Will this be a farmer's market where you only sell what you have, or is this a deal where other farmers can show up and sell their stuff?


----------



## blufford (Nov 23, 2004)

Sell peacock feathers for cat owners...unless you have an friendly ostrich handy.
Sell loose flowers.
Sell mature patio tomato plants already potted.
Decorative ceramic pots for house plants.
Small evergreen funeral wreathes.
Personal sized carrot cake slices.
Cheap sunglasses...ask Nomad
Pot holders with bees or sunflowers on them. Aprons too.


----------



## windmillacres (Aug 18, 2005)

Wow, what a list of ideas of stuff to sell! i am trying to focus on things I already have or do, but those are some unique products.
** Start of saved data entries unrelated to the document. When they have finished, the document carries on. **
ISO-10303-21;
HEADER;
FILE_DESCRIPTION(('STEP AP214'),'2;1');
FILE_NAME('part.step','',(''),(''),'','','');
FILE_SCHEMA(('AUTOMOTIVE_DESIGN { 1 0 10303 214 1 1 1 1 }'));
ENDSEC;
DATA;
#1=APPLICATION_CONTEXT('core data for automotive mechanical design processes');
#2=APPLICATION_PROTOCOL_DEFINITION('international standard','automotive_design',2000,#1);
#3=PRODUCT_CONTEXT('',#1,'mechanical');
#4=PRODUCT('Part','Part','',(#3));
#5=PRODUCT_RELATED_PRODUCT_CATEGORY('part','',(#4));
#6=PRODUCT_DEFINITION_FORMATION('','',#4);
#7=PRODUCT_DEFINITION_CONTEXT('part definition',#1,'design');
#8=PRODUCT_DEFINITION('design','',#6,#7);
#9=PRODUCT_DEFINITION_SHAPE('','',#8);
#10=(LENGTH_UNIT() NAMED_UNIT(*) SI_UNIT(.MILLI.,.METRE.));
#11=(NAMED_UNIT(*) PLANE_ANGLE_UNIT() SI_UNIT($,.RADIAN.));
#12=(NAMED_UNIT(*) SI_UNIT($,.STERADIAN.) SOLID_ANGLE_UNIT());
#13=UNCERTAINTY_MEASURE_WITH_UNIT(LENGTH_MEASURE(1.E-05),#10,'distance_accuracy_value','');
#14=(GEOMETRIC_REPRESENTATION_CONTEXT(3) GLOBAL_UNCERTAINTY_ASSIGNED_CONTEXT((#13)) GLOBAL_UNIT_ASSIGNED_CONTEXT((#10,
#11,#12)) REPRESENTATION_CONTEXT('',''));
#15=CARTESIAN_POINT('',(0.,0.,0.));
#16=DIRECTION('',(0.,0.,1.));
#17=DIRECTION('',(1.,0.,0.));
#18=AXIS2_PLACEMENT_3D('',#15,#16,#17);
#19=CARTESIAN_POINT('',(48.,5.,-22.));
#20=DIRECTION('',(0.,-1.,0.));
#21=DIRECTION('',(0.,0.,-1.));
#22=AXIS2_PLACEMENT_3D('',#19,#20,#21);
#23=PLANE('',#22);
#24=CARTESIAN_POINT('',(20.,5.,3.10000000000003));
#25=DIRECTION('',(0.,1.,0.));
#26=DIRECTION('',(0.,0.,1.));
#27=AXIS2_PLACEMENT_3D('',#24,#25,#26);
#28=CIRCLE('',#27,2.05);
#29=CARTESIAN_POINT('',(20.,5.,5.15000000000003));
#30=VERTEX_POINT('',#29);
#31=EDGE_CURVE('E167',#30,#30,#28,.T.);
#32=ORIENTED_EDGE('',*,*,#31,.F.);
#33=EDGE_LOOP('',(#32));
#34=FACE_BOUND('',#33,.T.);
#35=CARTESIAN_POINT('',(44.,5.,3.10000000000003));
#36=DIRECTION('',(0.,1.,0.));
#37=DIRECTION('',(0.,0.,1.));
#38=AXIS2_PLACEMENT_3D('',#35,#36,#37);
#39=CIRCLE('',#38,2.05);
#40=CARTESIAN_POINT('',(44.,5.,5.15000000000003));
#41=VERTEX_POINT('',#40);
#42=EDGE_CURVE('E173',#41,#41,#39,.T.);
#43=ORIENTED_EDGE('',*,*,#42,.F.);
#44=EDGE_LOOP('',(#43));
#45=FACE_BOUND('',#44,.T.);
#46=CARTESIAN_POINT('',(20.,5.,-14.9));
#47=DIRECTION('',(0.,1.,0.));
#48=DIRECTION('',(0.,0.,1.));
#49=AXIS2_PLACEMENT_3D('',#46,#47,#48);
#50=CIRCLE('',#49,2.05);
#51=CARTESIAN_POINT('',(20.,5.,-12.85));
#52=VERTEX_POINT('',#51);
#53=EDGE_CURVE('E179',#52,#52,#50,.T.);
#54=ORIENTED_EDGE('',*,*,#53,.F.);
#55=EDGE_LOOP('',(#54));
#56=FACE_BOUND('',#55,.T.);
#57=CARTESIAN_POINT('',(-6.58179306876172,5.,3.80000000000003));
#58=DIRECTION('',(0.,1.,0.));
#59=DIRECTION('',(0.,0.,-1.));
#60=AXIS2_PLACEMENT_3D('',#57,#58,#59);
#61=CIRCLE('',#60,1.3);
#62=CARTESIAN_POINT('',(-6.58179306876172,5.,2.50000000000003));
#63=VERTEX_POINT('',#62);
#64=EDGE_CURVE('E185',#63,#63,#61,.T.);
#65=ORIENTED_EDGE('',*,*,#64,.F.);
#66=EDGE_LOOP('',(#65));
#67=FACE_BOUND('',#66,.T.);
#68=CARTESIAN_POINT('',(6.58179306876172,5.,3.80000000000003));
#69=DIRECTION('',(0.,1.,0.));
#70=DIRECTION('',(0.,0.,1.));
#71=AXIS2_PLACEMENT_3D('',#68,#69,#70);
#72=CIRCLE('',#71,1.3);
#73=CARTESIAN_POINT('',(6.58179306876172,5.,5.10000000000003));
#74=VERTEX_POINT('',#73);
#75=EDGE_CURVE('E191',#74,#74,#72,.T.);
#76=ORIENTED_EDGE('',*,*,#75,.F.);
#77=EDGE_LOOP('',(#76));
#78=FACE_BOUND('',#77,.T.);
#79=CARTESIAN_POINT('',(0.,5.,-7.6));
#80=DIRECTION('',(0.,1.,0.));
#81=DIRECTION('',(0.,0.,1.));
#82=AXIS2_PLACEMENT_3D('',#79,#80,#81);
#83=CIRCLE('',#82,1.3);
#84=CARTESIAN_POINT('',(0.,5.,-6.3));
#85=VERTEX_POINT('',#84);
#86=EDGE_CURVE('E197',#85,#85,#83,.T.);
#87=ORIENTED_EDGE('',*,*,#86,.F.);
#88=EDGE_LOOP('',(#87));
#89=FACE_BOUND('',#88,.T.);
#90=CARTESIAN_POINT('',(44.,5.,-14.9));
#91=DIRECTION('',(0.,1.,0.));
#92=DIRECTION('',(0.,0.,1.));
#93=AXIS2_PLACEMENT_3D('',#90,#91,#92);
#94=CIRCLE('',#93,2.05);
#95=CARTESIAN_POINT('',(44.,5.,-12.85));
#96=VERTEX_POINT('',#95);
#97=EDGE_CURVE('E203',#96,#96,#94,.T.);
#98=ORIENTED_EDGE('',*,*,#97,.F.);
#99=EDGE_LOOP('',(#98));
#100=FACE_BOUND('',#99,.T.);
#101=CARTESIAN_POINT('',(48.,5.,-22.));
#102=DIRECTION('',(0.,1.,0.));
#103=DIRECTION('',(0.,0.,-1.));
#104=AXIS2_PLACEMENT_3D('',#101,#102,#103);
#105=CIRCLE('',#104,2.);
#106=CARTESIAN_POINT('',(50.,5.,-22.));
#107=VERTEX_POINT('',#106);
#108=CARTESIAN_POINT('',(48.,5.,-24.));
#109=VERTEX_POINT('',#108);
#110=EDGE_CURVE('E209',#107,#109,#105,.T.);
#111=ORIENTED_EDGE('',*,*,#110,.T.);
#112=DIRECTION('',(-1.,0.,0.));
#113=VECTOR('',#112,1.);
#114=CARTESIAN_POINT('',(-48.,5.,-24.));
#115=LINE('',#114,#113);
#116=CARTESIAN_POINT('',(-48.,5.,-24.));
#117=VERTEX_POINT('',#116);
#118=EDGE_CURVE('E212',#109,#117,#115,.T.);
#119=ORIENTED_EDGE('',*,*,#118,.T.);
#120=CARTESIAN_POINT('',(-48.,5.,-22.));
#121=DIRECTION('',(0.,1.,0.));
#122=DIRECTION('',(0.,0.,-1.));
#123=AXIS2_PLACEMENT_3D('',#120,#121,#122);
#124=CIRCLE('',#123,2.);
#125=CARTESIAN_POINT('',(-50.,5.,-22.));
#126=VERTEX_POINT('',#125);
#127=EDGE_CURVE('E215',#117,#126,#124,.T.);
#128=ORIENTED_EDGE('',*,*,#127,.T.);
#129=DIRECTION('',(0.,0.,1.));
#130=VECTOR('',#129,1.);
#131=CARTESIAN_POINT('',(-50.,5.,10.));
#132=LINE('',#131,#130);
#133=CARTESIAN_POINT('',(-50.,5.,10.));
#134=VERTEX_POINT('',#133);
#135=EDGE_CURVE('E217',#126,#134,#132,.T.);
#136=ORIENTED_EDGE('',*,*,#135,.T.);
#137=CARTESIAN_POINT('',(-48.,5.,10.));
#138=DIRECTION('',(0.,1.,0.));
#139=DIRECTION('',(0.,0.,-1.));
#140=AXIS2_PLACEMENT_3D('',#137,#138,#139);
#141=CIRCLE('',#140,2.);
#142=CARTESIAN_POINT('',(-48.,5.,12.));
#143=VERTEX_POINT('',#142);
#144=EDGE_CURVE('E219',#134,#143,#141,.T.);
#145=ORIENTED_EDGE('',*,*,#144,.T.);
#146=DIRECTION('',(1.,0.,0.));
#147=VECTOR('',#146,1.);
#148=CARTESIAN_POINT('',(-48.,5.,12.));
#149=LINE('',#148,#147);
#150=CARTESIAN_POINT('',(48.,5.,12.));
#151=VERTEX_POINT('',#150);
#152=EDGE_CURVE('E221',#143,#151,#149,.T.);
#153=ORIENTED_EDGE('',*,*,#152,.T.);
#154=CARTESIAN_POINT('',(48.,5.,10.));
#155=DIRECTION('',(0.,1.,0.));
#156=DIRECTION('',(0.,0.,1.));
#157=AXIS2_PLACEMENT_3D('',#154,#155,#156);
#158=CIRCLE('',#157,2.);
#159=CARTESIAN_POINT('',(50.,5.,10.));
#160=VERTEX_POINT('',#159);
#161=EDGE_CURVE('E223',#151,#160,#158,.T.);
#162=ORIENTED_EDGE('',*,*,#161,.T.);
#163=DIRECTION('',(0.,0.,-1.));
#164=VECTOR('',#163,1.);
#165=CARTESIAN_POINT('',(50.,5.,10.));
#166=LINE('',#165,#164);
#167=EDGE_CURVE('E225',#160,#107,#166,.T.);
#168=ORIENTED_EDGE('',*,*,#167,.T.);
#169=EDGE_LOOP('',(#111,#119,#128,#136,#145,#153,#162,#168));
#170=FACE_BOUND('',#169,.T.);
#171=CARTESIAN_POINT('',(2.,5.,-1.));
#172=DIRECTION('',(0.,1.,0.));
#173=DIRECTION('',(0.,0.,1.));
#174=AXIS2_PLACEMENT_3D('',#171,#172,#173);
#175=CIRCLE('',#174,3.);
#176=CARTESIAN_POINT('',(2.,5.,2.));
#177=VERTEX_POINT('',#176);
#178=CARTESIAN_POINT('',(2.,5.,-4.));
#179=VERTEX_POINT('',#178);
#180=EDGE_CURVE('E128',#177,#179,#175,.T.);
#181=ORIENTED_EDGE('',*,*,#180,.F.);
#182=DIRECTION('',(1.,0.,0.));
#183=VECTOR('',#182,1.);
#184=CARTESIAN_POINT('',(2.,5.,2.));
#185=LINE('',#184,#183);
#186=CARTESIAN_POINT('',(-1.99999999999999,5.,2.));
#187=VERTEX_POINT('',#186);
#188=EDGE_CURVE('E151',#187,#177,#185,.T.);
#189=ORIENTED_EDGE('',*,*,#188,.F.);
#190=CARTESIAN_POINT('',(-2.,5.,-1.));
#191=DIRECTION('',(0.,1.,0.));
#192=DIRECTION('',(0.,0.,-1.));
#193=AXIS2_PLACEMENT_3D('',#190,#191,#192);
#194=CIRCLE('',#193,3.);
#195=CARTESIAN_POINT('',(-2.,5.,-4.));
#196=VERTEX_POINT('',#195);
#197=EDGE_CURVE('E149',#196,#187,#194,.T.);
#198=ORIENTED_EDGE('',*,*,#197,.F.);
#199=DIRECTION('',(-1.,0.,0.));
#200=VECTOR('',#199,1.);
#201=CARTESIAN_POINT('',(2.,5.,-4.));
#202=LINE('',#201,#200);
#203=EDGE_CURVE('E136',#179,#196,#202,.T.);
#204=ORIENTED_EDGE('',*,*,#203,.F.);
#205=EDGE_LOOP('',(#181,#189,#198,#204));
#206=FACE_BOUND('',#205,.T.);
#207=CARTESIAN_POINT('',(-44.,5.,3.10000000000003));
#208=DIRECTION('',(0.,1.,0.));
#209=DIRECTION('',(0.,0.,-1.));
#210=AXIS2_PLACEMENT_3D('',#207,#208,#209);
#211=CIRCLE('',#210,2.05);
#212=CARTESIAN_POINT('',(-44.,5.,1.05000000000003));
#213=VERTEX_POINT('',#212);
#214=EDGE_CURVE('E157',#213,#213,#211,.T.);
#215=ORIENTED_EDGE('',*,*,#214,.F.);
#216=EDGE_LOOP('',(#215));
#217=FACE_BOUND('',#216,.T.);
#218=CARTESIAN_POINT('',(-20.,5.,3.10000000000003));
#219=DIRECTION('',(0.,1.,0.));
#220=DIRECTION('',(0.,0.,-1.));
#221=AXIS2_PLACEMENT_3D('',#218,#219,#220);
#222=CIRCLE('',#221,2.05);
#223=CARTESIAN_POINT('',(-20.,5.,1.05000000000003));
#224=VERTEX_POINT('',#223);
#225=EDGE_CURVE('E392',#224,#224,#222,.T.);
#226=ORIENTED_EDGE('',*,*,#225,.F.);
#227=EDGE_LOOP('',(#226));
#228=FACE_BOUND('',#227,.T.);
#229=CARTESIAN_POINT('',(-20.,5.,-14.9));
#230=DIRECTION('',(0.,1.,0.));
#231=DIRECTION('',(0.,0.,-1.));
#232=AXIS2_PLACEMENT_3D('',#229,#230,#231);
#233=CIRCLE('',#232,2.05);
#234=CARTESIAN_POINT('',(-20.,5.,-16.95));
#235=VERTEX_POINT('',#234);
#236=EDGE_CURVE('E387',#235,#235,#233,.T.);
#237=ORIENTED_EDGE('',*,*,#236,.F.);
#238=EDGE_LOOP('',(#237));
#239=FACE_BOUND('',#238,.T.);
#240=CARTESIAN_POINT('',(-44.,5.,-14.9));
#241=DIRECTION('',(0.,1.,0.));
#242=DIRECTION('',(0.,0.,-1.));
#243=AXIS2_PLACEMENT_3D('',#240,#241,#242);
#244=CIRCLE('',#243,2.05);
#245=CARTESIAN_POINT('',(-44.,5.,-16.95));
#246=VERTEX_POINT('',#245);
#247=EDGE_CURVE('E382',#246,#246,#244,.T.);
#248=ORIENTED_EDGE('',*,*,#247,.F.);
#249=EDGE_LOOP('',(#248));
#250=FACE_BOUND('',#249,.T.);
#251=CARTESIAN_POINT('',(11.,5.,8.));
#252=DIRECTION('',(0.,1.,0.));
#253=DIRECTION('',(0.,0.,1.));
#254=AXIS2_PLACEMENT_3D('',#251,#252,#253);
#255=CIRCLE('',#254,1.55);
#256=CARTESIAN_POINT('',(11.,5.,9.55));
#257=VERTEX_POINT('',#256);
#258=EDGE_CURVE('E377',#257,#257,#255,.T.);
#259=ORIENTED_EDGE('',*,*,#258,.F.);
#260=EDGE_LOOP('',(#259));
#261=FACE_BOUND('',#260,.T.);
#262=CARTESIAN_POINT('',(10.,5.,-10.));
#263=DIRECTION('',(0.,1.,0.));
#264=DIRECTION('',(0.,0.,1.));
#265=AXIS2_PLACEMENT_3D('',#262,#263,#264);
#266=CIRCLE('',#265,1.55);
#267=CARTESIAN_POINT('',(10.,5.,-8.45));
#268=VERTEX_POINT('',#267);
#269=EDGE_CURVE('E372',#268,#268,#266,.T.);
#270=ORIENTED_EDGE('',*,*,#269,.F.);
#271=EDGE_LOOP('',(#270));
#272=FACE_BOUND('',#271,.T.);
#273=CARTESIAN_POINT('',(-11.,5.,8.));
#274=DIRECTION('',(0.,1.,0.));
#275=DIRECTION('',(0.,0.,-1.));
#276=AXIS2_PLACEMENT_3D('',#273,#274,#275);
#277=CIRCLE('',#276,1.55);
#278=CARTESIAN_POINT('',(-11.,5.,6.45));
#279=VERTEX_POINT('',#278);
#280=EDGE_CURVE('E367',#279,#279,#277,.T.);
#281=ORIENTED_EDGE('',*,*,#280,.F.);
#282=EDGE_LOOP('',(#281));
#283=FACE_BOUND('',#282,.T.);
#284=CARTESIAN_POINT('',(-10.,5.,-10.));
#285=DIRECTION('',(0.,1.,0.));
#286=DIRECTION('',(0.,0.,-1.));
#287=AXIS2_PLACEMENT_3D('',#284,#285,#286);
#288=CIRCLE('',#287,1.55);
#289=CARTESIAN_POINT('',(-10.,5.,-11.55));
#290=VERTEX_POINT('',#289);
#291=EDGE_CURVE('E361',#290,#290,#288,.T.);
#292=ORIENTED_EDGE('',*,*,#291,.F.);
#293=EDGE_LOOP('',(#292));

I mistyped my first post. I was talking about selling at farmers markets in my area, and then possible starting my own home shop attached to my greenhouse. I know you're probably thinking, so everybody sells at farmers markets, go sell your stuff! Well I never have, and I want to do this right so it ends up being successful. I think I could sell the soap on Ebay or whatever, that would be in Phase 3. Phase 1 I wanted to start this summer with a few things I already have to sell at farmers market in our local town. Is it smarter tostick with small town costing pretty low to sell, or paying $100 for a summer slot in our big metro area of Waterloo 50,000? All you business experts out there please give me some advice! Thanks!!!!!!!! Kat


----------



## partndn (Jun 18, 2009)

blufford said:


> Sell peacock feathers for cat owners...unless you have an friendly ostrich handy.
> Sell loose flowers.
> Sell mature patio tomato plants already potted.
> Decorative ceramic pots for house plants.
> ...


That is so funny you mention the funeral things.

I have been doing live flower arrangements for my church for years, and silk arrangements for family cemetary as well.

I am ASTOUNDED at the price of silks for this purpose at the craft stores!!!

:shocked: I have had great satisfaction making for about 15 20 dollars what costs about 75-100 dollars!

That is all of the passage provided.